Did Frank Sinatra ever sing "Hit the Road, Jack?"
1 posted on
01/23/2015 10:53:04 AM PST by
PJ-Comix
To: PJ-Comix
Ronan and Luke Russert should get married.
2 posted on
01/23/2015 10:54:18 AM PST by
E. Pluribus Unum
(Offend a Christian and he is obliged to pray for you. Offend a Muslim and he is obliged to kill you.)
To: PJ-Comix
Well, we can be sure it will be an award-winning road trip!
To: PJ-Comix
If Frank were alive he would disown this SORRY PUNK!
4 posted on
01/23/2015 10:57:31 AM PST by
dennisw
(The first principle is to find out who you are then you can achieve anything -- Buddhist monk)
To: PJ-Comix
It’s called jumping the shark....
5 posted on
01/23/2015 10:58:09 AM PST by
Paladin2
To: PJ-Comix
only 13,000 people Good lord, that's bad. I bet most of them were forced to watch it in airport terminals.
6 posted on
01/23/2015 10:58:45 AM PST by
Opinionated Blowhard
("When the people find they can vote themselves money, that will herald the end of the republic.")
To: PJ-Comix
Its about diving in deep, says Farrow during a recent interview while reporting in Paris. His goal is to travel to places where big stories erupt... Basically, it's about getting to travel as much as possible on MSNBC's dime before they cut him off.
To: PJ-Comix
- Its a completely hectic, makeshift process. You are building the airplane at the same time you are flying it, he says.NOT a good idea
14 posted on
01/23/2015 11:05:18 AM PST by
JPG
(The GOPe will always find a way to surrender)
To: PJ-Comix
Maybe Farrow should start wearing green lipstick and take a bath in a bowl of Fruit Loops.
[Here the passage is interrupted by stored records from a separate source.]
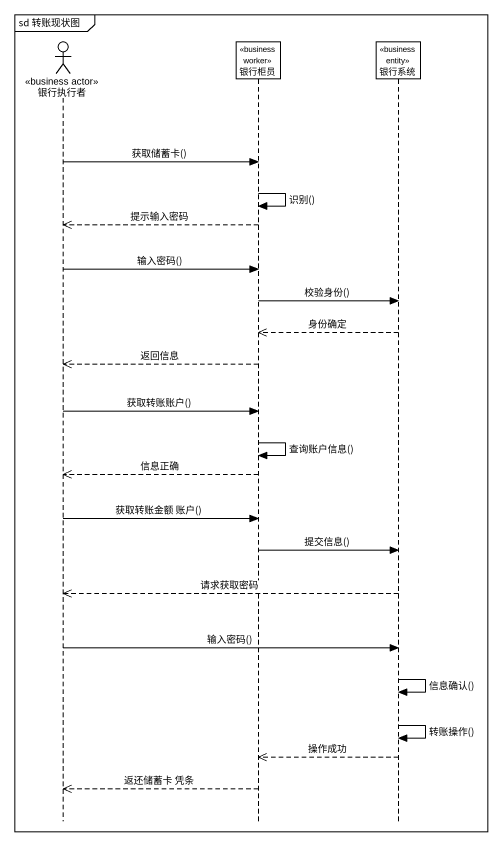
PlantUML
@startuml
mainframe sd 转账现状图
hide footbox
actor 银行执行者 <<business actor>>
participant 银行柜员 <<business worker>>
participant 银行系统 <<business entity>>

银行执行者 -> 银行柜员 : 获取储蓄卡()
银行柜员 -> 银行柜员 : 识别()
银行柜员 -->> 银行执行者 : 提示输入密码
银行执行者 -> 银行柜员 : 输入密码()
银行柜员 -> 银行系统 : 校验身份()
银行系统 -->> 银行柜员 : 身份确定
银行柜员 -->> 银行执行者 : 返回信息
银行执行者 -> 银行柜员 : 获取转账账户()
银行柜员 -> 银行柜员 : 查询账户信息()
银行柜员 -->> 银行执行者 : 信息正确
银行执行者 -> 银行柜员 : 获取转账金额 账户()
银行柜员 -> 银行系统 : 提交信息()
银行系统 -->> 银行执行者 : 请求获取密码
银行执行者 -> 银行系统 : 输入密码()
银行系统 -> 银行系统 : 信息确认()
银行系统 -> 银行系统 : 转账操作()
银行系统 -->> 银行柜员 : 操作成功
银行柜员 -->> 银行执行者 : 返还储蓄卡 凭条
@enduml
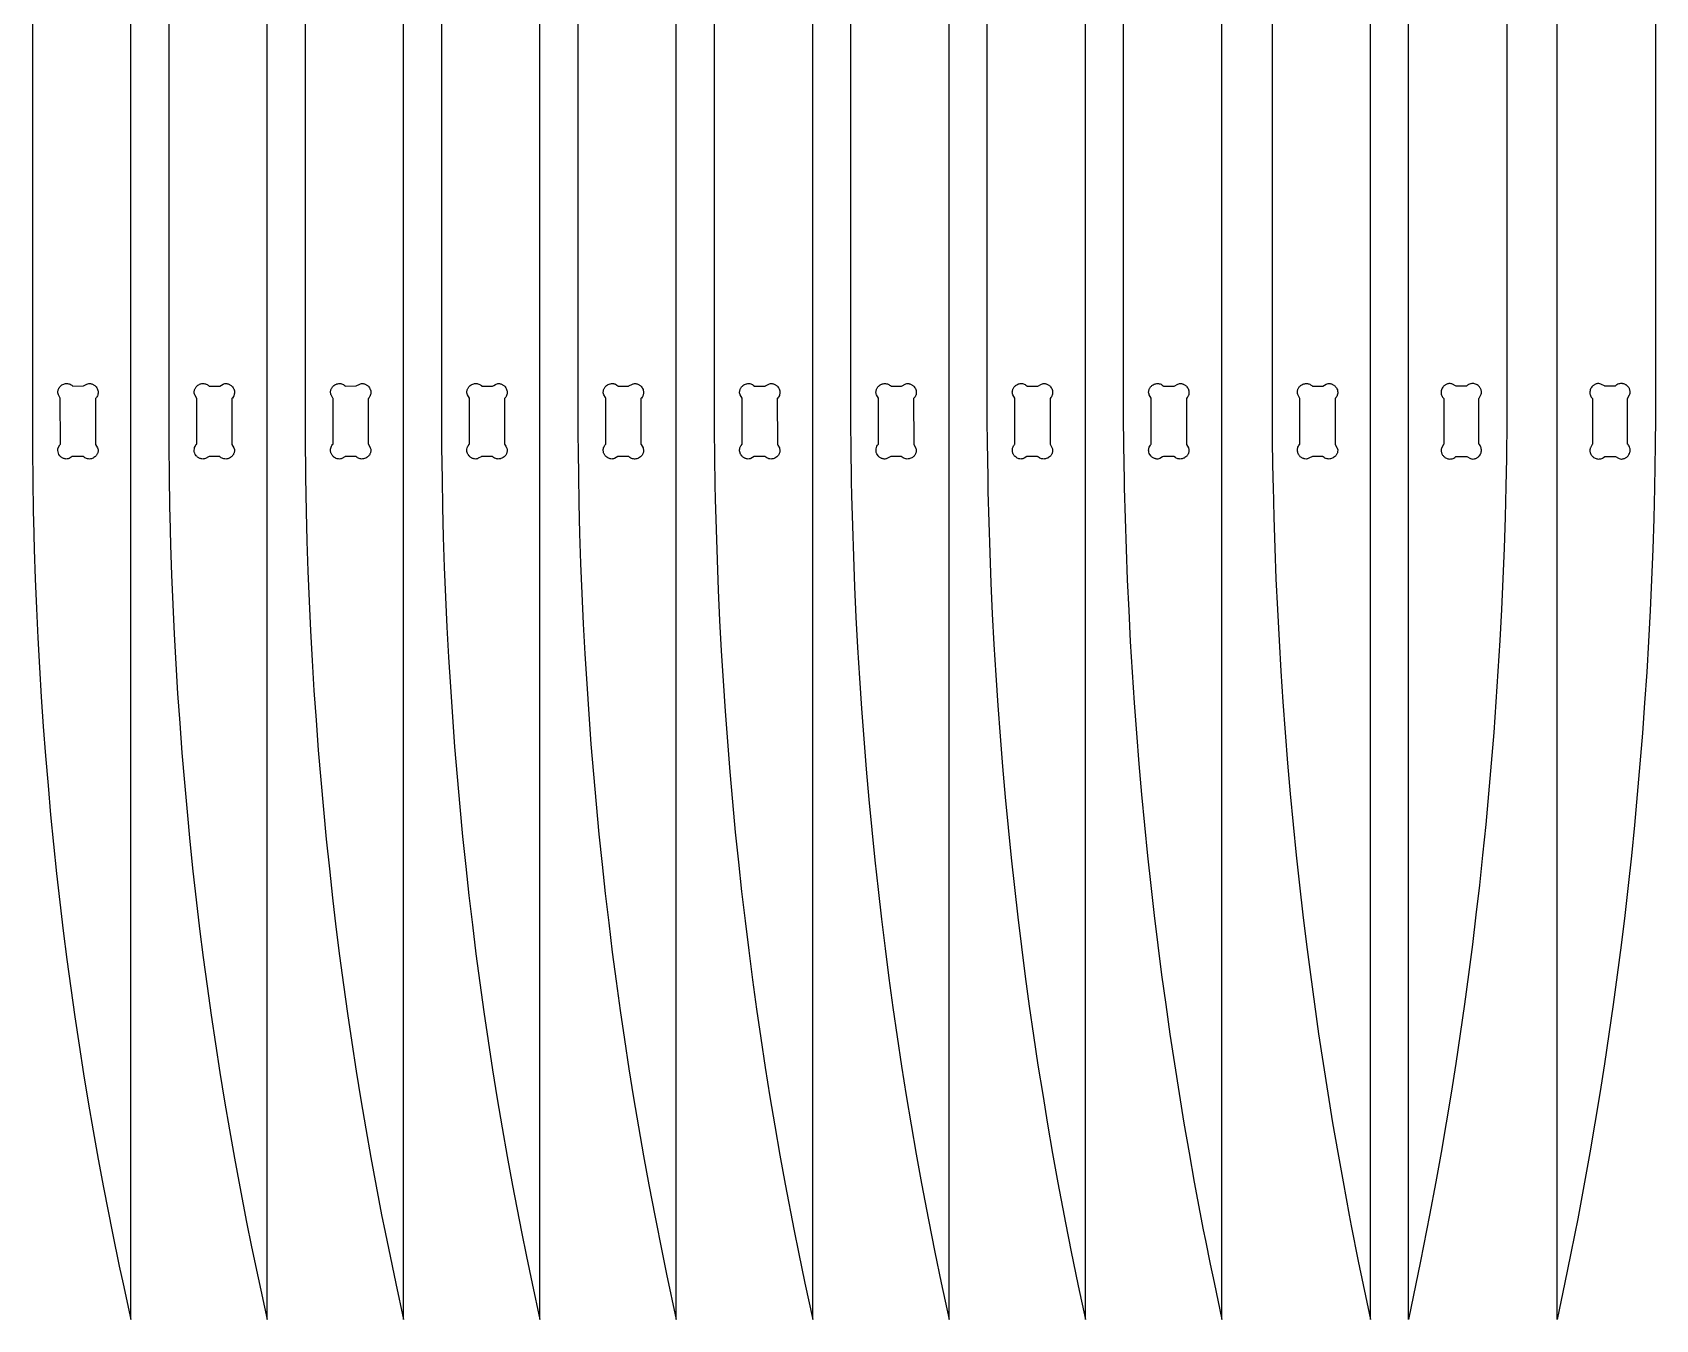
# Model space of a CAD drawing. Extents: x -1558 to 498, y -659 to 1005.
# Drawn here: x -739.4 to -462.6, y 552.1 to 771.5 of the extents above; entities that cross this region are included whole.
import ezdxf

# ---------------------------------------------------------------- set-up
doc = ezdxf.new("R2010")
doc.units = 0
doc.layers.add('SECTIONCUTEDGES', color=18, linetype='CONTINUOUS')

msp = doc.modelspace()

# ---------------------------------------------------------------- linework, layer by layer
at = {"layer": 'SECTIONCUTEDGES'}
for points in [[(-528.03, 835.71), (-528.03, 706.07), (-527.99, 701.34), (-527.89, 695.28), (-527.86, 694.06), (-527.73, 688.82), (-527.56, 683.57), (-527.36, 678.33), (-527.12, 673.08), (-526.84, 667.84), (-526.53, 662.6), (-526.18, 657.37), (-525.8, 652.13), (-525.38, 646.9), (-524.93, 641.67), (-524.44, 636.45), (-523.91, 631.22), (-523.36, 626.13), (-522.78, 621.05), (-522.16, 615.97), (-521.5, 610.89), (-520.81, 605.82), (-520.09, 600.75), (-519.33, 595.69), (-518.53, 590.63), (-517.7, 585.58), (-516.83, 580.54), (-515.93, 575.5), (-514.88, 569.85), (-514.52, 568), (-513.33, 562.03), (-511.25, 552.05), (-511.25, 990.88)], [(-488, 835.71), (-488, 706.07), (-488.01, 705.28), (-488.08, 698.91), (-488.17, 694.06), (-488.31, 688.82), (-488.48, 683.57), (-488.68, 678.33), (-488.92, 673.08), (-489.2, 667.84), (-489.51, 662.6), (-489.85, 657.37), (-490.24, 652.13), (-490.66, 646.9), (-491.11, 641.67), (-491.6, 636.45), (-492.13, 631.22), (-492.68, 626.13), (-493.26, 621.05), (-493.88, 615.97), (-494.53, 610.89), (-495.22, 605.82), (-495.95, 600.75), (-496.71, 595.69), (-497.51, 590.63), (-498.34, 585.58), (-499.2, 580.54), (-500.11, 575.5), (-501.16, 569.85), (-502.71, 562.03), (-504.78, 552.05), (-504.78, 990.88)], [(-576.64, 834.26), (-576.64, 705.13), (-576.61, 701.6), (-576.52, 695.61), (-576.47, 693.2), (-576.34, 687.98), (-576.17, 682.77), (-575.97, 677.56), (-575.73, 672.35), (-575.45, 667.14), (-575.14, 661.93), (-574.79, 656.73), (-574.41, 651.52), (-573.99, 646.32), (-573.54, 641.13), (-573.05, 635.93), (-572.52, 630.74), (-571.97, 625.69), (-571.39, 620.63), (-570.77, 615.58), (-570.11, 610.53), (-569.42, 605.49), (-568.7, 600.45), (-567.94, 595.42), (-567.14, 590.4), (-566.31, 585.38), (-565.44, 580.36), (-564.54, 575.35), (-563.49, 569.74), (-563.25, 568.51), (-562.28, 563.62), (-561.94, 561.97), (-561.07, 557.81), (-559.86, 552.05), (-559.86, 988.21)], [(-553.39, 835.29), (-553.39, 705.84), (-553.35, 701.12), (-553.25, 695.07), (-553.22, 693.86), (-553.09, 688.62), (-552.92, 683.38), (-552.72, 678.14), (-552.48, 672.91), (-552.2, 667.67), (-551.89, 662.44), (-551.54, 657.21), (-551.16, 651.99), (-550.74, 646.76), (-550.29, 641.54), (-549.8, 636.32), (-549.27, 631.11), (-548.72, 626.03), (-548.14, 620.95), (-547.52, 615.87), (-546.86, 610.8), (-546.17, 605.74), (-545.45, 600.68), (-544.69, 595.62), (-543.89, 590.58), (-543.06, 585.53), (-542.19, 580.49), (-541.29, 575.46), (-539.76, 567.36), (-539.4, 565.51), (-538.58, 561.49), (-537.93, 558.36), (-536.61, 552.05), (-536.61, 990.24)], [(-462.64, 835.29), (-462.64, 705.84), (-462.69, 701.12), (-462.74, 697.49), (-462.81, 693.86), (-462.95, 688.62), (-463.12, 683.38), (-463.32, 678.14), (-463.56, 672.91), (-463.84, 667.67), (-464.15, 662.44), (-464.5, 657.21), (-464.88, 651.99), (-465.3, 646.76), (-465.75, 641.54), (-466.24, 636.32), (-466.77, 631.11), (-467.32, 626.03), (-467.9, 620.95), (-468.52, 615.87), (-469.17, 610.8), (-469.86, 605.74), (-470.59, 600.68), (-471.35, 595.62), (-472.15, 590.58), (-472.98, 585.53), (-473.84, 580.49), (-474.75, 575.46), (-475.92, 569.21), (-476.4, 566.74), (-477.14, 563.06), (-478.1, 558.36), (-479.42, 552.05), (-479.42, 990.24)], [(-599.89, 833.6), (-599.89, 704.41), (-599.86, 700.91), (-599.77, 694.94), (-599.72, 692.54), (-599.59, 687.35), (-599.42, 682.16), (-599.22, 676.97), (-598.98, 671.79), (-598.7, 666.6), (-598.39, 661.42), (-598.04, 656.24), (-597.66, 651.06), (-597.24, 645.89), (-596.79, 640.71), (-596.3, 635.55), (-595.77, 630.38), (-595.22, 625.34), (-594.64, 620.31), (-594.02, 615.28), (-593.36, 610.26), (-592.67, 605.24), (-591.95, 600.23), (-591.19, 595.22), (-590.39, 590.22), (-589.56, 585.22), (-588.69, 580.23), (-587.79, 575.24), (-586.62, 569.05), (-585.53, 563.56), (-584.43, 558.3), (-583.11, 552.05), (-583.11, 986.17)], [(-623.14, 832.29), (-623.14, 703.7), (-623.1, 699.04), (-623.02, 694.27), (-622.97, 691.88), (-622.84, 686.72), (-622.67, 681.55), (-622.47, 676.39), (-622.23, 671.23), (-621.95, 666.07), (-621.64, 660.91), (-621.29, 655.75), (-620.91, 650.6), (-620.49, 645.45), (-620.04, 640.3), (-619.55, 635.16), (-619.02, 630.02), (-618.47, 625), (-617.89, 620), (-617.27, 614.99), (-616.61, 609.99), (-615.92, 604.99), (-615.2, 600), (-614.44, 595.02), (-613.64, 590.04), (-612.81, 585.07), (-611.94, 580.1), (-611.04, 575.14), (-609.51, 567.15), (-608.78, 563.51), (-607.68, 558.27), (-606.36, 552.05), (-606.36, 984.14)], [(-669.64, 829.19), (-669.64, 702.27), (-669.63, 700.74), (-669.56, 695.3), (-669.47, 690.57), (-669.34, 685.45), (-669.17, 680.34), (-668.97, 675.22), (-668.73, 670.11), (-668.45, 665), (-668.14, 659.89), (-667.79, 654.78), (-667.41, 649.68), (-666.99, 644.58), (-666.54, 639.48), (-666.05, 634.38), (-665.52, 629.29), (-664.97, 624.32), (-664.39, 619.36), (-663.77, 614.4), (-663.11, 609.45), (-662.42, 604.5), (-661.7, 599.55), (-660.94, 594.62), (-660.14, 589.68), (-659.31, 584.75), (-658.44, 579.83), (-657.54, 574.92), (-656.01, 567), (-655.15, 562.8), (-654.18, 558.21), (-652.86, 552.05), (-652.86, 980.07)], [(-646.39, 830.32), (-646.39, 702.99), (-646.37, 699.9), (-646.31, 695.98), (-646.22, 691.23), (-646.09, 686.08), (-645.92, 680.94), (-645.72, 675.81), (-645.48, 670.67), (-645.2, 665.53), (-644.89, 660.4), (-644.54, 655.27), (-644.16, 650.14), (-643.74, 645.01), (-643.29, 639.89), (-642.8, 634.77), (-642.27, 629.65), (-641.72, 624.66), (-641.14, 619.68), (-640.52, 614.7), (-639.86, 609.72), (-639.17, 604.75), (-638.45, 599.78), (-637.69, 594.82), (-636.89, 589.86), (-636.06, 584.91), (-635.19, 579.97), (-634.29, 575.03), (-633.24, 569.49), (-632.03, 563.46), (-631.26, 559.78), (-629.61, 552.05), (-629.61, 982.11)], [(-692.89, 827.9), (-692.89, 701.45), (-692.85, 696.86), (-692.83, 695.68), (-692.72, 689.81), (-692.59, 684.72), (-692.42, 679.63), (-692.22, 674.54), (-691.98, 669.46), (-691.7, 664.38), (-691.39, 659.3), (-691.04, 654.22), (-690.66, 649.14), (-690.24, 644.07), (-689.79, 639), (-689.3, 633.93), (-688.77, 628.87), (-688.22, 623.93), (-687.64, 618.99), (-687.02, 614.06), (-686.36, 609.13), (-685.67, 604.21), (-684.95, 599.29), (-684.19, 594.38), (-683.39, 589.48), (-682.56, 584.57), (-681.69, 579.68), (-680.79, 574.79), (-679.85, 569.91), (-679.26, 566.92), (-678.08, 561.22), (-677.43, 558.18), (-676.11, 552.05), (-676.11, 977.72)], [(-716.14, 825.89), (-716.14, 700.73), (-716.1, 696.17), (-716, 690.32), (-715.97, 689.15), (-715.84, 684.08), (-715.67, 679.02), (-715.47, 673.96), (-715.23, 668.9), (-714.95, 663.84), (-714.64, 658.79), (-714.29, 653.73), (-713.91, 648.68), (-713.49, 643.63), (-713.04, 638.59), (-712.55, 633.54), (-712.02, 628.51), (-711.47, 623.59), (-710.89, 618.67), (-710.27, 613.77), (-709.61, 608.86), (-708.92, 603.96), (-708.2, 599.07), (-707.44, 594.18), (-706.64, 589.3), (-705.81, 584.42), (-704.94, 579.55), (-704.04, 574.68), (-702.87, 568.64), (-702.02, 564.47), (-700.9, 559.16), (-699.36, 552.05), (-699.36, 975.69)], [(-739.39, 824.36), (-739.39, 699.91), (-739.35, 695.37), (-739.25, 689.55), (-739.22, 688.39), (-739.09, 683.35), (-738.92, 678.32), (-738.72, 673.28), (-738.48, 668.25), (-738.2, 663.22), (-737.89, 658.19), (-737.54, 653.17), (-737.16, 648.14), (-736.74, 643.12), (-736.29, 638.11), (-735.8, 633.09), (-735.27, 628.08), (-734.72, 623.19), (-734.14, 618.31), (-733.52, 613.43), (-732.86, 608.55), (-732.17, 603.68), (-731.45, 598.81), (-730.69, 593.95), (-729.89, 589.09), (-729.06, 584.24), (-728.19, 579.4), (-727.29, 574.56), (-725.76, 566.77), (-724.58, 561.13), (-723.93, 558.12), (-722.61, 552.05), (-722.61, 973.33)]]:
    msp.add_lwpolyline(points, dxfattribs=at)
for points in [[(-734.87, 699.52), (-734.97, 699.75), (-735.03, 699.95), (-735.06, 700.21), (-735.05, 700.47), (-734.97, 700.78), (-734.73, 701.19), (-734.62, 701.31), (-734.66, 709.15), (-734.97, 709.71), (-735.03, 709.86), (-735.06, 710.01), (-735.07, 710.17), (-735.05, 710.33), (-735.03, 710.44), (-735, 710.54), (-734.97, 710.65), (-734.92, 710.75), (-734.87, 710.85), (-734.81, 710.94), (-734.75, 711.03), (-734.68, 711.11), (-734.6, 711.19), (-734.52, 711.27), (-734.36, 711.38), (-734.22, 711.46), (-734.07, 711.52), (-733.91, 711.57), (-733.75, 711.6), (-733.58, 711.61), (-733.42, 711.61), (-733.26, 711.59), (-733.11, 711.55), (-732.96, 711.49), (-732.81, 711.41), (-732.68, 711.33), (-732.61, 711.27), (-732.52, 711.18), (-730.69, 711.2), (-730.1, 711.52), (-729.95, 711.58), (-729.8, 711.61), (-729.65, 711.62), (-729.48, 711.6), (-729.38, 711.58), (-729.27, 711.55), (-729.17, 711.52), (-729.06, 711.47), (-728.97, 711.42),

President Obama was asked about his 'first wife' in a PR-disaster interview on Thursday after picking three of the most popular YouTube content creators to interview him. GloZell Green, a popular YouTube fixture known for her extreme acts like eating a ladle full of cinnamon, offered the president three samples of her trademark green lipstick as gifts for his daughters and for the woman she called Obama's 'first wife.'
16 posted on
01/23/2015 11:07:26 AM PST by
N. Theknow
(Kennedys-Can't drive, can't ski, can't fly, can't skipper a boat-But they know what's best for you.)
To: PJ-Comix
Wow, even raw sewage gets a cable network these days.
17 posted on
01/23/2015 11:10:01 AM PST by
Bullish
(He's just NOT presidential material.)
To: PJ-Comix
Ronan Farrow?
Is that some kind of bird?
19 posted on
01/23/2015 11:18:01 AM PST by
WayneS
(Don't blame me, I voted for Kodos.)
To: PJ-Comix
He really enjoys finding the human piece to tell the bigger story and push forward the narrative, he says. It sounds like he might be a serial killer.
As opposed to that crazy woman in the photos above, who is apparently a cereal killer.
20 posted on
01/23/2015 11:22:30 AM PST by
WayneS
(Don't blame me, I voted for Kodos.)
To: PJ-Comix
MSNBC?
Isn't that the stinkfinger shakes down YT network?
21 posted on
01/23/2015 11:47:36 AM PST by
rawcatslyentist
(Genesis 1:29 And God said, Behold, I have given you every herb bearing seed,)
To: PJ-Comix
Maybe Farrow can find his real father.
To: PJ-Comix
Ronan Farrow Hits the RoadRonan the Commuter?
27 posted on
01/23/2015 12:37:12 PM PST by
pogo101
To: PJ-Comix
I am not sure he really had even a few thousand viewers. I noticed his show was blaring from the screens of a couple of the TVs set up opposite the treadmills at my gym, but nobody was actually looking at it. I suspect it may be going in some dental offices as well.